§ **Exercise**
Restating every entry exactly is the whole task.

§ **Given information**
■ ■ ■ ■ ■
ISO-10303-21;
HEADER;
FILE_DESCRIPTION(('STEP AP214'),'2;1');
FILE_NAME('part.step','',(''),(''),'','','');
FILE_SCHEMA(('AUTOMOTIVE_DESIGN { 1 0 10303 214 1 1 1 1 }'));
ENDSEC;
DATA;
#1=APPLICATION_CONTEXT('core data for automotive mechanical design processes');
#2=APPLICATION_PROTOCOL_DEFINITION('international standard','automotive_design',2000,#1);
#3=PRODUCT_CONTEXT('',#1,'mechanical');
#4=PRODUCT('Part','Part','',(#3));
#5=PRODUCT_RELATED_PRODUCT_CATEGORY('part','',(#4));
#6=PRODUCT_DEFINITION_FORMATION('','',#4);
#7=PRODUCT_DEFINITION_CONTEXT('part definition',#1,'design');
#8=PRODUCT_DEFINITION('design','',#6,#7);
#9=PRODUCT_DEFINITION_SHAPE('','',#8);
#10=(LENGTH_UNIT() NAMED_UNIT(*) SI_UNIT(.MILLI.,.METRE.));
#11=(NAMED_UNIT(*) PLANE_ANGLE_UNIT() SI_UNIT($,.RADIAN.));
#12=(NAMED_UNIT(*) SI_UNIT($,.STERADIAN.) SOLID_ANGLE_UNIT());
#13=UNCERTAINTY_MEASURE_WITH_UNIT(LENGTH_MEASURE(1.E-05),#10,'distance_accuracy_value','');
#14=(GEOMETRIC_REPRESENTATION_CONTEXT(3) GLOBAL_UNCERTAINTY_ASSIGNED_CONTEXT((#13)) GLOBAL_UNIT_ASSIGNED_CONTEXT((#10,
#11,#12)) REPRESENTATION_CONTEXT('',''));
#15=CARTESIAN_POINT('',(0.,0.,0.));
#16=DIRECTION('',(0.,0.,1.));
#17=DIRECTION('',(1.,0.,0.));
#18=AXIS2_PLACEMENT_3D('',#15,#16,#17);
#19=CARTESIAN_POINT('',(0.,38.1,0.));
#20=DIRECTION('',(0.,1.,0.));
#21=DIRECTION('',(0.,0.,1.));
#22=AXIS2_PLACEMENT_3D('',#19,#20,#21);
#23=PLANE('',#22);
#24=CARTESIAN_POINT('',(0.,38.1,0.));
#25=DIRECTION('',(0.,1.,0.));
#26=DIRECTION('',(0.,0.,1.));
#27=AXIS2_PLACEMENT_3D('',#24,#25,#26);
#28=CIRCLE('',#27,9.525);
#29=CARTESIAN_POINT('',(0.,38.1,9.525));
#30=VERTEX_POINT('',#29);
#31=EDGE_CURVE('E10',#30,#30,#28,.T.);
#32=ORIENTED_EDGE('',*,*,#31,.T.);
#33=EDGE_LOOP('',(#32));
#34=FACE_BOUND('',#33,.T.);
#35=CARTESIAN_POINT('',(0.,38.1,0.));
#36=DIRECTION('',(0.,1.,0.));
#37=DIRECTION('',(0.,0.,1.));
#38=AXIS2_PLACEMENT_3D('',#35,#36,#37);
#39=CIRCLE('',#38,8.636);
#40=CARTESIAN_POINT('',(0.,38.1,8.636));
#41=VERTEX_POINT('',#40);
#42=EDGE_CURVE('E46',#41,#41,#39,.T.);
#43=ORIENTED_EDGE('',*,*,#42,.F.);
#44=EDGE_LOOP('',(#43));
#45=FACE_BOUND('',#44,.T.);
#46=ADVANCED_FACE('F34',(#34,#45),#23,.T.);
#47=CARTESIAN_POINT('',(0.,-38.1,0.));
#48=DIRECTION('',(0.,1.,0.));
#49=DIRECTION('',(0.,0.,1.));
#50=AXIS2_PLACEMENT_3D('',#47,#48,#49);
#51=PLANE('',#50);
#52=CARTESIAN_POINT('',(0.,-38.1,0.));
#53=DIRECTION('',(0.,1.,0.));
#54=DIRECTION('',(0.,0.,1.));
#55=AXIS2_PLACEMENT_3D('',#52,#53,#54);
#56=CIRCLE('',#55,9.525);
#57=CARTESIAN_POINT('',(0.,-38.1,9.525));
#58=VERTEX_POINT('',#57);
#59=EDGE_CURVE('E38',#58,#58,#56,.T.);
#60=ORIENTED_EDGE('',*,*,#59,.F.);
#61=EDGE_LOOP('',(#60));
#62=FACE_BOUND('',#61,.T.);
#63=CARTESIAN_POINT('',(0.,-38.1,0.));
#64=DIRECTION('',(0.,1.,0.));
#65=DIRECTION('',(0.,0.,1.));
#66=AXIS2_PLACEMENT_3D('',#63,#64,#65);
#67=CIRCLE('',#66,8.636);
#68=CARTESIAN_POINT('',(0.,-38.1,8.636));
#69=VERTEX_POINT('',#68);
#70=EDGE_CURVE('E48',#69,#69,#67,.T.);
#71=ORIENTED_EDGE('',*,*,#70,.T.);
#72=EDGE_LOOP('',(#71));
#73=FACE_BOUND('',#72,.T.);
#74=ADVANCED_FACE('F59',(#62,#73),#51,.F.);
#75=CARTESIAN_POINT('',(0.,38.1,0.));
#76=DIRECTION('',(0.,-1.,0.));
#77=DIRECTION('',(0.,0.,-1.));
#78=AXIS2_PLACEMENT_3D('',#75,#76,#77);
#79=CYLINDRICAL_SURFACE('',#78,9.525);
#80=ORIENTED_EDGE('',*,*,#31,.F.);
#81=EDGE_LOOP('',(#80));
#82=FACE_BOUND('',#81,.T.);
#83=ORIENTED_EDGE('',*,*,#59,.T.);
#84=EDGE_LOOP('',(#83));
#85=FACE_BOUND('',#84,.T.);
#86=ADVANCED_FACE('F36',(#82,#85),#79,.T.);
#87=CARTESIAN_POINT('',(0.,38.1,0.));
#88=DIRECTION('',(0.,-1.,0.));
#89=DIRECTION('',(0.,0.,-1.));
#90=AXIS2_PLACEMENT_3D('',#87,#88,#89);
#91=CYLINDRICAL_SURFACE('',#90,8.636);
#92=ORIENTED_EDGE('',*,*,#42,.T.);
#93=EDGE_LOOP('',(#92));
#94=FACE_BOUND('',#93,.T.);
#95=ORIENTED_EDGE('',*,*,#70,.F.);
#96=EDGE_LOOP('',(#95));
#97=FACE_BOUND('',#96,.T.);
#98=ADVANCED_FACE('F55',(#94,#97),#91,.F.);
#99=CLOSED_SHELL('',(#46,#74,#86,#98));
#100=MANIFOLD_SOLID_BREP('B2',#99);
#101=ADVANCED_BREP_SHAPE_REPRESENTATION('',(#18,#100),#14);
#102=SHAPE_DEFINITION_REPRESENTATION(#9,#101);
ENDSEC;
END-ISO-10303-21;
■ ■ ■ ■ ■
§ **The answer**
ISO-10303-21;
HEADER;
FILE_DESCRIPTION(('STEP AP214'),'2;1');
FILE_NAME('part.step','',(''),(''),'','','');
FILE_SCHEMA(('AUTOMOTIVE_DESIGN { 1 0 10303 214 1 1 1 1 }'));
ENDSEC;
DATA;
#1=APPLICATION_CONTEXT('core data for automotive mechanical design processes');
#2=APPLICATION_PROTOCOL_DEFINITION('international standard','automotive_design',2000,#1);
#3=PRODUCT_CONTEXT('',#1,'mechanical');
#4=PRODUCT('Part','Part','',(#3));
#5=PRODUCT_RELATED_PRODUCT_CATEGORY('part','',(#4));
#6=PRODUCT_DEFINITION_FORMATION('','',#4);
#7=PRODUCT_DEFINITION_CONTEXT('part definition',#1,'design');
#8=PRODUCT_DEFINITION('design','',#6,#7);
#9=PRODUCT_DEFINITION_SHAPE('','',#8);
#10=(LENGTH_UNIT() NAMED_UNIT(*) SI_UNIT(.MILLI.,.METRE.));
#11=(NAMED_UNIT(*) PLANE_ANGLE_UNIT() SI_UNIT($,.RADIAN.));
#12=(NAMED_UNIT(*) SI_UNIT($,.STERADIAN.) SOLID_ANGLE_UNIT());
#13=UNCERTAINTY_MEASURE_WITH_UNIT(LENGTH_MEASURE(1.E-05),#10,'distance_accuracy_value','');
#14=(GEOMETRIC_REPRESENTATION_CONTEXT(3) GLOBAL_UNCERTAINTY_ASSIGNED_CONTEXT((#13)) GLOBAL_UNIT_ASSIGNED_CONTEXT((#10,
#11,#12)) REPRESENTATION_CONTEXT('',''));
#15=CARTESIAN_POINT('',(0.,0.,0.));
#16=DIRECTION('',(0.,0.,1.));
#17=DIRECTION('',(1.,0.,0.));
#18=AXIS2_PLACEMENT_3D('',#15,#16,#17);
#19=CARTESIAN_POINT('',(0.,38.1,0.));
#20=DIRECTION('',(0.,1.,0.));
#21=DIRECTION('',(0.,0.,1.));
#22=AXIS2_PLACEMENT_3D('',#19,#20,#21);
#23=PLANE('',#22);
#24=CARTESIAN_POINT('',(0.,38.1,0.));
#25=DIRECTION('',(0.,1.,0.));
#26=DIRECTION('',(0.,0.,1.));
#27=AXIS2_PLACEMENT_3D('',#24,#25,#26);
#28=CIRCLE('',#27,9.525);
#29=CARTESIAN_POINT('',(0.,38.1,9.525));
#30=VERTEX_POINT('',#29);
#31=EDGE_CURVE('E10',#30,#30,#28,.T.);
#32=ORIENTED_EDGE('',*,*,#31,.T.);
#33=EDGE_LOOP('',(#32));
#34=FACE_BOUND('',#33,.T.);
#35=CARTESIAN_POINT('',(0.,38.1,0.));
#36=DIRECTION('',(0.,1.,0.));
#37=DIRECTION('',(0.,0.,1.));
#38=AXIS2_PLACEMENT_3D('',#35,#36,#37);
#39=CIRCLE('',#38,8.636);
#40=CARTESIAN_POINT('',(0.,38.1,8.636));
#41=VERTEX_POINT('',#40);
#42=EDGE_CURVE('E46',#41,#41,#39,.T.);
#43=ORIENTED_EDGE('',*,*,#42,.F.);
#44=EDGE_LOOP('',(#43));
#45=FACE_BOUND('',#44,.T.);
#46=ADVANCED_FACE('F34',(#34,#45),#23,.T.);
#47=CARTESIAN_POINT('',(0.,-38.1,0.));
#48=DIRECTION('',(0.,1.,0.));
#49=DIRECTION('',(0.,0.,1.));
#50=AXIS2_PLACEMENT_3D('',#47,#48,#49);
#51=PLANE('',#50);
#52=CARTESIAN_POINT('',(0.,-38.1,0.));
#53=DIRECTION('',(0.,1.,0.));
#54=DIRECTION('',(0.,0.,1.));
#55=AXIS2_PLACEMENT_3D('',#52,#53,#54);
#56=CIRCLE('',#55,9.525);
#57=CARTESIAN_POINT('',(0.,-38.1,9.525));
#58=VERTEX_POINT('',#57);
#59=EDGE_CURVE('E38',#58,#58,#56,.T.);
#60=ORIENTED_EDGE('',*,*,#59,.F.);
#61=EDGE_LOOP('',(#60));
#62=FACE_BOUND('',#61,.T.);
#63=CARTESIAN_POINT('',(0.,-38.1,0.));
#64=DIRECTION('',(0.,1.,0.));
#65=DIRECTION('',(0.,0.,1.));
#66=AXIS2_PLACEMENT_3D('',#63,#64,#65);
#67=CIRCLE('',#66,8.636);
#68=CARTESIAN_POINT('',(0.,-38.1,8.636));
#69=VERTEX_POINT('',#68);
#70=EDGE_CURVE('E48',#69,#69,#67,.T.);
#71=ORIENTED_EDGE('',*,*,#70,.T.);
#72=EDGE_LOOP('',(#71));
#73=FACE_BOUND('',#72,.T.);
#74=ADVANCED_FACE('F59',(#62,#73),#51,.F.);
#75=CARTESIAN_POINT('',(0.,38.1,0.));
#76=DIRECTION('',(0.,-1.,0.));
#77=DIRECTION('',(0.,0.,-1.));
#78=AXIS2_PLACEMENT_3D('',#75,#76,#77);
#79=CYLINDRICAL_SURFACE('',#78,9.525);
#80=ORIENTED_EDGE('',*,*,#31,.F.);
#81=EDGE_LOOP('',(#80));
#82=FACE_BOUND('',#81,.T.);
#83=ORIENTED_EDGE('',*,*,#59,.T.);
#84=EDGE_LOOP('',(#83));
#85=FACE_BOUND('',#84,.T.);
#86=ADVANCED_FACE('F36',(#82,#85),#79,.T.);
#87=CARTESIAN_POINT('',(0.,38.1,0.));
#88=DIRECTION('',(0.,-1.,0.));
#89=DIRECTION('',(0.,0.,-1.));
#90=AXIS2_PLACEMENT_3D('',#87,#88,#89);
#91=CYLINDRICAL_SURFACE('',#90,8.636);
#92=ORIENTED_EDGE('',*,*,#42,.T.);
#93=EDGE_LOOP('',(#92));
#94=FACE_BOUND('',#93,.T.);
#95=ORIENTED_EDGE('',*,*,#70,.F.);
#96=EDGE_LOOP('',(#95));
#97=FACE_BOUND('',#96,.T.);
#98=ADVANCED_FACE('F55',(#94,#97),#91,.F.);
#99=CLOSED_SHELL('',(#46,#74,#86,#98));
#100=MANIFOLD_SOLID_BREP('B2',#99);
#101=ADVANCED_BREP_SHAPE_REPRESENTATION('',(#18,#100),#14);
#102=SHAPE_DEFINITION_REPRESENTATION(#9,#101);
ENDSEC;
END-ISO-10303-21;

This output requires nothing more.